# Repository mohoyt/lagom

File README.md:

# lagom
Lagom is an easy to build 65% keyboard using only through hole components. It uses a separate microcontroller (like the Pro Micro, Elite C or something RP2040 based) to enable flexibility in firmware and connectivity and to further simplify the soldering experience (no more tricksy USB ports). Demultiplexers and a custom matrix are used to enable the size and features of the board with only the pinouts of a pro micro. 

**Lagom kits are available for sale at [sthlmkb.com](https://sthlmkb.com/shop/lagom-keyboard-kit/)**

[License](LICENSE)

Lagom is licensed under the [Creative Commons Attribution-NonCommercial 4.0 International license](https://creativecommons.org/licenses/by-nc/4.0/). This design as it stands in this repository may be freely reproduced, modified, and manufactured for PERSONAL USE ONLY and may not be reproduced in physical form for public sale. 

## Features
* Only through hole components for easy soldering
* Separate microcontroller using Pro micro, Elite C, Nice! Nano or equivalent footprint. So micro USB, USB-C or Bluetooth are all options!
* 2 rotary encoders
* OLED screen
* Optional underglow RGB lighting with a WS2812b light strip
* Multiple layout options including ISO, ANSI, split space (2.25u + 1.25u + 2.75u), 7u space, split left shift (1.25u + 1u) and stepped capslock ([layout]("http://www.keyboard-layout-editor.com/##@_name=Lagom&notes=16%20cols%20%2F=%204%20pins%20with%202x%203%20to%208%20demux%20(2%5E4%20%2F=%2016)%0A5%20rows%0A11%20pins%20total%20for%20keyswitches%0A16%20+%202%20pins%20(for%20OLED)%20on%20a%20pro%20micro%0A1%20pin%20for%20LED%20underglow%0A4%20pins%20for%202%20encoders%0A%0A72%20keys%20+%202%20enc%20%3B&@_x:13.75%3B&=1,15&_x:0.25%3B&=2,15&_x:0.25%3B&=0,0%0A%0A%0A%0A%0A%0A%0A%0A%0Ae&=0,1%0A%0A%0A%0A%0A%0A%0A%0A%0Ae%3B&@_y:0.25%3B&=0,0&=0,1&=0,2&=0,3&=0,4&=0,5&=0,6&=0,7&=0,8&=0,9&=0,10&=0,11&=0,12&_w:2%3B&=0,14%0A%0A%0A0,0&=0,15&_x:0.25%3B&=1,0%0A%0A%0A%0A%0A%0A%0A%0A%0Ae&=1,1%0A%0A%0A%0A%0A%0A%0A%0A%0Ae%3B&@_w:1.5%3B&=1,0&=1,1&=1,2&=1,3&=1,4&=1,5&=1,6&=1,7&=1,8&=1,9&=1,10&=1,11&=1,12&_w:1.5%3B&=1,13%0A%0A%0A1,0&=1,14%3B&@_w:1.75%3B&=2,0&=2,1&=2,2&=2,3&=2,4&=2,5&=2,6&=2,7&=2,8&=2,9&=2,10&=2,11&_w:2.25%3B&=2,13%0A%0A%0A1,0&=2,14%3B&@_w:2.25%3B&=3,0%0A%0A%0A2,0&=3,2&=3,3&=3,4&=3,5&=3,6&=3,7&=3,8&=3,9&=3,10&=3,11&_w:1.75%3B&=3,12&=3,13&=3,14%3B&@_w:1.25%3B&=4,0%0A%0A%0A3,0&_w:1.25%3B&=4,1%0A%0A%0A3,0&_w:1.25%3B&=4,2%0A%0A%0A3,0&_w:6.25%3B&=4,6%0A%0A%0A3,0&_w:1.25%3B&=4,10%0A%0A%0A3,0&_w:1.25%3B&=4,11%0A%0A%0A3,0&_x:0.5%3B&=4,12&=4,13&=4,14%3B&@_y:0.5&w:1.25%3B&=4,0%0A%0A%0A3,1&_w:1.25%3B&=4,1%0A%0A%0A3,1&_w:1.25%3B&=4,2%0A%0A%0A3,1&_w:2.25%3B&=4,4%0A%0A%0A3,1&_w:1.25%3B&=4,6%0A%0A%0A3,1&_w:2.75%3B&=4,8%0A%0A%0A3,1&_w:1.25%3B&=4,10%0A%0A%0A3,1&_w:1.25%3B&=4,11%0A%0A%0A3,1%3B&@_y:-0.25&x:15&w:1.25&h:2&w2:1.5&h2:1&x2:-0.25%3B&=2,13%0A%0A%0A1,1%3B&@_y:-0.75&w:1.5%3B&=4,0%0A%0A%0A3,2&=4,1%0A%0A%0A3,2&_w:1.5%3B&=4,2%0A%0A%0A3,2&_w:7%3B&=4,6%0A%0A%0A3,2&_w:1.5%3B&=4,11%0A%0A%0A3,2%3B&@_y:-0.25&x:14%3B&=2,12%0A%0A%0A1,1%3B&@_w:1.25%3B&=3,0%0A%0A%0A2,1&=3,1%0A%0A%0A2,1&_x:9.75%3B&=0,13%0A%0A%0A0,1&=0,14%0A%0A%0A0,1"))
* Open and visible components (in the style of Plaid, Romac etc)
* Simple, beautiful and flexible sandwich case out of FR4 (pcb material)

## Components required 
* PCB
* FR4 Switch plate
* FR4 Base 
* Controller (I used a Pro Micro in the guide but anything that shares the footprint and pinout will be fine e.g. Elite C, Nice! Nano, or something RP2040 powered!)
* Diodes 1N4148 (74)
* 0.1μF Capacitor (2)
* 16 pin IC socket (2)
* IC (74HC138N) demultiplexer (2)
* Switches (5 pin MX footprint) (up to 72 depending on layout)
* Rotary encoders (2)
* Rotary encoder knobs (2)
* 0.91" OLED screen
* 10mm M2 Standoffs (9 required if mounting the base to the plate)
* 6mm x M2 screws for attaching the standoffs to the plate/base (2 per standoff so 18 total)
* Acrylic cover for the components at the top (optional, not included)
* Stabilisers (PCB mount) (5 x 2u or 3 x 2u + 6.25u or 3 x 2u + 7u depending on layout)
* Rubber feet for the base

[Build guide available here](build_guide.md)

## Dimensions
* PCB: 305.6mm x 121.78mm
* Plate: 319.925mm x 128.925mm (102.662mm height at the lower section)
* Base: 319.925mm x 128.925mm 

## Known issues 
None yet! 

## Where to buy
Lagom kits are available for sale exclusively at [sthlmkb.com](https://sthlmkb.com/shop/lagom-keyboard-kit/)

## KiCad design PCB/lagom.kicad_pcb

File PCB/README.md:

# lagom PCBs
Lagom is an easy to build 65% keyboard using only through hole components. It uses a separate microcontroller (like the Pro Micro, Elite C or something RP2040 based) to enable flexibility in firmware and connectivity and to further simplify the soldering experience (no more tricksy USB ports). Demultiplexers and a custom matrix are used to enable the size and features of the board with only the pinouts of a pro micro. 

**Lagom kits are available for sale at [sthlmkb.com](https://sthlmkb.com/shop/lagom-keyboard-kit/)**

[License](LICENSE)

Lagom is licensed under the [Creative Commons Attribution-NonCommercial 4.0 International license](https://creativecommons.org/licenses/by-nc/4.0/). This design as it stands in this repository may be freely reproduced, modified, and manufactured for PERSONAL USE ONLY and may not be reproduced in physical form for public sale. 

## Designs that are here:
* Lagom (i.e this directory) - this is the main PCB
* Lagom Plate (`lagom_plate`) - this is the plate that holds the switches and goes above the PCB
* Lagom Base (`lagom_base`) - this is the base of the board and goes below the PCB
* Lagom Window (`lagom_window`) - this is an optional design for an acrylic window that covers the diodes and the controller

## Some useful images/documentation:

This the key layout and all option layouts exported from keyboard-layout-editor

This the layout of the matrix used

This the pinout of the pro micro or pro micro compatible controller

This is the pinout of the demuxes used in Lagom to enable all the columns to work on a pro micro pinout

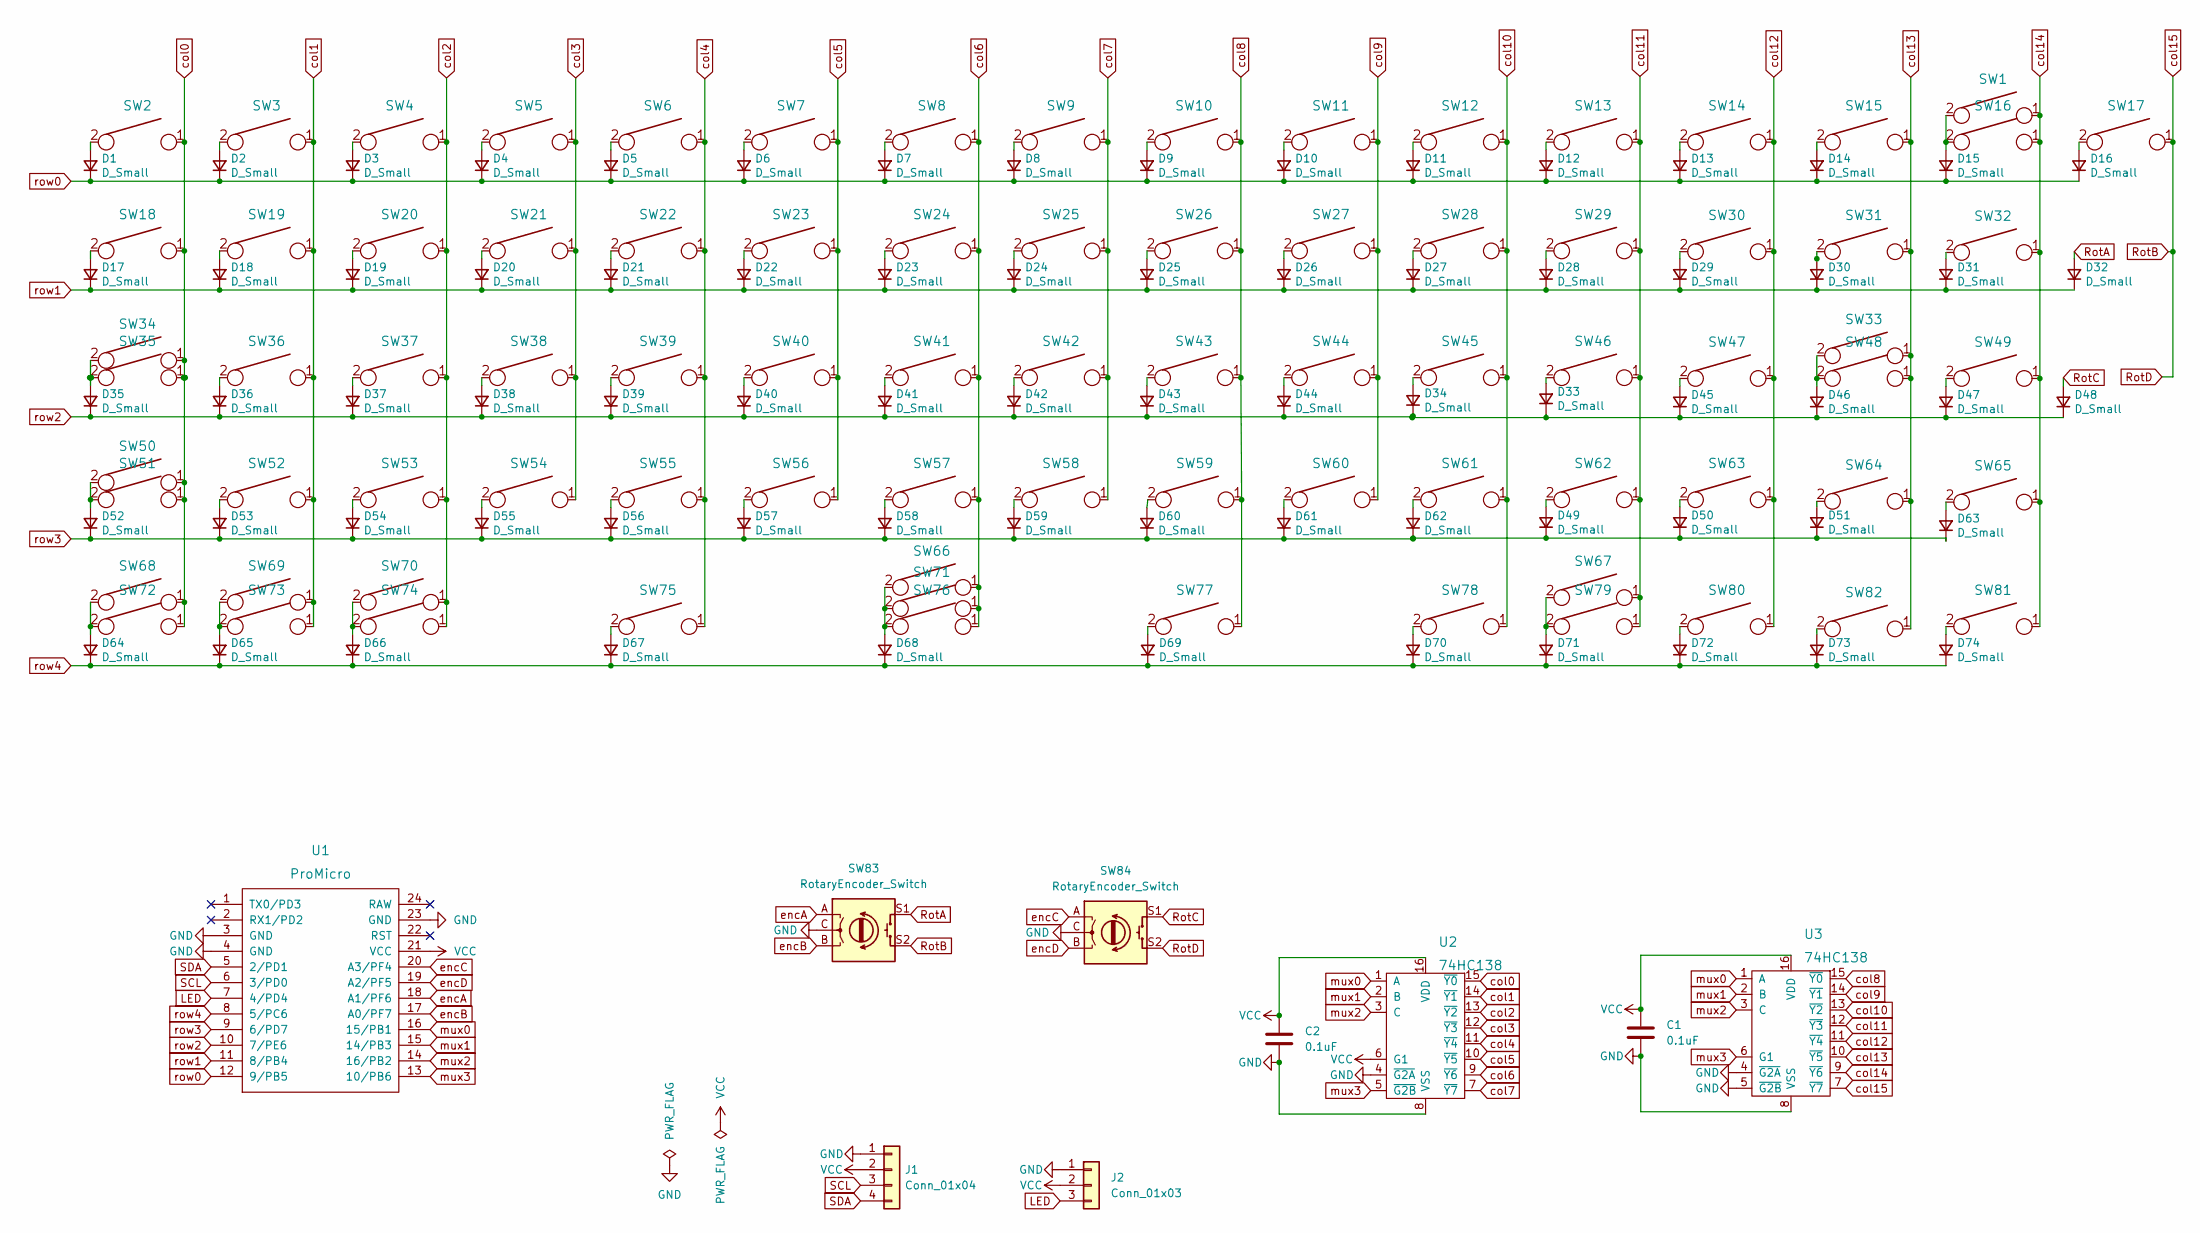
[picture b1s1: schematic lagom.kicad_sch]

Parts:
C1, C2: 0.1uF; C_Disc_D4.7mm_W2.5mm_P5.00mm
D1: D_Small; D_DO-35_SOD27_P7.62mm_Horizontal
D2, D3, D4, D5, D6, D7, D8, D9, D10, D11, D12, D13, D14, D15, D16, D17, D18, D19, D20, D21, D22, D23, D24, D25, D26, D27, D28, D29, D30, D31, D32, D33, D34, D35, D36, D37, D38, D39, D40, D41, D42, D43, D44, D45, D46, D47, D48, D49, D50, D51, D52, D53, D54, D55, D56, D57, D58, D59, D60, D61, D62, D63, D64, D65, D66, D67, D68, D69, D70, D71, D72, D73, D74: D_Small; D_DO-34_SOD68_P7.62mm_Horizontal
J1: Conn_01x04; PinSocket_1x04_P2.54mm_Vertical
J2: Conn_01x03; PinSocket_1x03_P2.54mm_Vertical
SW1: KEYSW; SW_Cherry_MX_2.00u_PCB
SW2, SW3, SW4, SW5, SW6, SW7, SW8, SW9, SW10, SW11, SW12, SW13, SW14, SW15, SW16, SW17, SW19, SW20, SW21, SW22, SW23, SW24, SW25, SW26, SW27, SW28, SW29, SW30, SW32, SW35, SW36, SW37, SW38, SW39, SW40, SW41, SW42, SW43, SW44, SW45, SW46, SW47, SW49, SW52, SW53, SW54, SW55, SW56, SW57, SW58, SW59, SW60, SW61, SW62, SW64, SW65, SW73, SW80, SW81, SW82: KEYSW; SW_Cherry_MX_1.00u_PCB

▶ _Task to carry out_
Print exactly the lines above from the one with "WS2812b light strip" to the one with "Diodes 1N4148 (74)", including both.

▶ _Completed task_
* Optional underglow RGB lighting with a WS2812b light strip
* Multiple layout options including ISO, ANSI, split space (2.25u + 1.25u + 2.75u), 7u space, split left shift (1.25u + 1u) and stepped capslock ([layout]("http://www.keyboard-layout-editor.com/##@_name=Lagom&notes=16%20cols%20%2F=%204%20pins%20with%202x%203%20to%208%20demux%20(2%5E4%20%2F=%2016)%0A5%20rows%0A11%20pins%20total%20for%20keyswitches%0A16%20+%202%20pins%20(for%20OLED)%20on%20a%20pro%20micro%0A1%20pin%20for%20LED%20underglow%0A4%20pins%20for%202%20encoders%0A%0A72%20keys%20+%202%20enc%20%3B&@_x:13.75%3B&=1,15&_x:0.25%3B&=2,15&_x:0.25%3B&=0,0%0A%0A%0A%0A%0A%0A%0A%0A%0Ae&=0,1%0A%0A%0A%0A%0A%0A%0A%0A%0Ae%3B&@_y:0.25%3B&=0,0&=0,1&=0,2&=0,3&=0,4&=0,5&=0,6&=0,7&=0,8&=0,9&=0,10&=0,11&=0,12&_w:2%3B&=0,14%0A%0A%0A0,0&=0,15&_x:0.25%3B&=1,0%0A%0A%0A%0A%0A%0A%0A%0A%0Ae&=1,1%0A%0A%0A%0A%0A%0A%0A%0A%0Ae%3B&@_w:1.5%3B&=1,0&=1,1&=1,2&=1,3&=1,4&=1,5&=1,6&=1,7&=1,8&=1,9&=1,10&=1,11&=1,12&_w:1.5%3B&=1,13%0A%0A%0A1,0&=1,14%3B&@_w:1.75%3B&=2,0&=2,1&=2,2&=2,3&=2,4&=2,5&=2,6&=2,7&=2,8&=2,9&=2,10&=2,11&_w:2.25%3B&=2,13%0A%0A%0A1,0&=2,14%3B&@_w:2.25%3B&=3,0%0A%0A%0A2,0&=3,2&=3,3&=3,4&=3,5&=3,6&=3,7&=3,8&=3,9&=3,10&=3,11&_w:1.75%3B&=3,12&=3,13&=3,14%3B&@_w:1.25%3B&=4,0%0A%0A%0A3,0&_w:1.25%3B&=4,1%0A%0A%0A3,0&_w:1.25%3B&=4,2%0A%0A%0A3,0&_w:6.25%3B&=4,6%0A%0A%0A3,0&_w:1.25%3B&=4,10%0A%0A%0A3,0&_w:1.25%3B&=4,11%0A%0A%0A3,0&_x:0.5%3B&=4,12&=4,13&=4,14%3B&@_y:0.5&w:1.25%3B&=4,0%0A%0A%0A3,1&_w:1.25%3B&=4,1%0A%0A%0A3,1&_w:1.25%3B&=4,2%0A%0A%0A3,1&_w:2.25%3B&=4,4%0A%0A%0A3,1&_w:1.25%3B&=4,6%0A%0A%0A3,1&_w:2.75%3B&=4,8%0A%0A%0A3,1&_w:1.25%3B&=4,10%0A%0A%0A3,1&_w:1.25%3B&=4,11%0A%0A%0A3,1%3B&@_y:-0.25&x:15&w:1.25&h:2&w2:1.5&h2:1&x2:-0.25%3B&=2,13%0A%0A%0A1,1%3B&@_y:-0.75&w:1.5%3B&=4,0%0A%0A%0A3,2&=4,1%0A%0A%0A3,2&_w:1.5%3B&=4,2%0A%0A%0A3,2&_w:7%3B&=4,6%0A%0A%0A3,2&_w:1.5%3B&=4,11%0A%0A%0A3,2%3B&@_y:-0.25&x:14%3B&=2,12%0A%0A%0A1,1%3B&@_w:1.25%3B&=3,0%0A%0A%0A2,1&=3,1%0A%0A%0A2,1&_x:9.75%3B&=0,13%0A%0A%0A0,1&=0,14%0A%0A%0A0,1"))
* Open and visible components (in the style of Plaid, Romac etc)
* Simple, beautiful and flexible sandwich case out of FR4 (pcb material)

## Components required 
* PCB
* FR4 Switch plate
* FR4 Base 
* Controller (I used a Pro Micro in the guide but anything that shares the footprint and pinout will be fine e.g. Elite C, Nice! Nano, or something RP2040 powered!)
* Diodes 1N4148 (74)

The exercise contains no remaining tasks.